A business finds that it has to increase its staff by 5% each year due to growth. After how many years would the size of their staff double?
2 = (1 + .05)^y
log(2) = y * log(1.05)
To find out after how many years the size of the staff would double, we can use the concept of exponential growth. Let's assume the initial size of the staff is "S".
According to the problem statement, the business has to increase its staff by 5% each year. This means that the staff size will grow by 5% every year.
To calculate the size of the staff after one year, we can use the following formula:
Staff after 1 year = S + (5/100) * S = S + 0.05S = 1.05S
Similarly, to calculate the size of the staff after two years, we can use the formula:
Staff after 2 years = (1.05S) + (5/100) * (1.05S) = (1.05S) + 0.0525S = 1.1025S
In general, the size of the staff after "n" years can be calculated using the formula:
Staff after "n" years = S * (1 + r)^n
where "r" is the rate of increase, which is 5% expressed as a decimal (0.05), and "n" is the number of years.
We want to find the value of "n" when the staff size doubles. This means we want to find the value of "n" when "Staff after n years" is equal to 2S.
Equating the two, we have:
2S = S * (1 + 0.05)^n
Dividing both sides of the equation by S, we get:
2 = (1.05)^n
To solve for "n", we need to take the logarithm of both sides of the equation.

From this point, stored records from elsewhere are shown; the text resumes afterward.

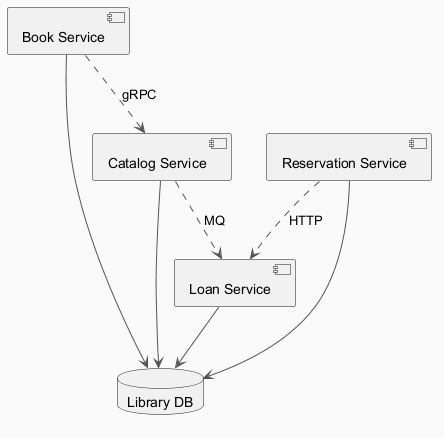

The diagram above was rendered by PlantUML. Its source (embedded in the PNG):
@startuml
skinparam backgroundColor #FAFAFA
skinparam classBackgroundColor #FFF3E0
skinparam classBorderColor #E65100
skinparam ArrowColor #555555
component "Book Service" as C_BookService
component "Loan Service" as C_LoanService
component "Catalog Service" as C_CatalogService
component "Reservation Service" as C_ReservationService
database "Library DB" as DB_library
C_BookService --> DB_library
C_LoanService --> DB_library
C_CatalogService --> DB_library
C_ReservationService --> DB_library
C_ReservationService ..> C_LoanService : HTTP
C_CatalogService ..> C_LoanService : MQ
C_BookService ..> C_CatalogService : gRPC
@enduml

Let's use the natural logarithm (ln):
ln(2) = ln((1.05)^n)
Using the logarithmic property, we can rewrite the equation as:
ln(2) = n * ln(1.05)
Finally, solving for "n", we divide both sides of the equation by ln(1.05):
n = ln(2) / ln(1.05)
Now we can calculate the value of "n" using a calculator or math software. The result will provide the number of years it would take for the staff size to double based on a 5% annual increase.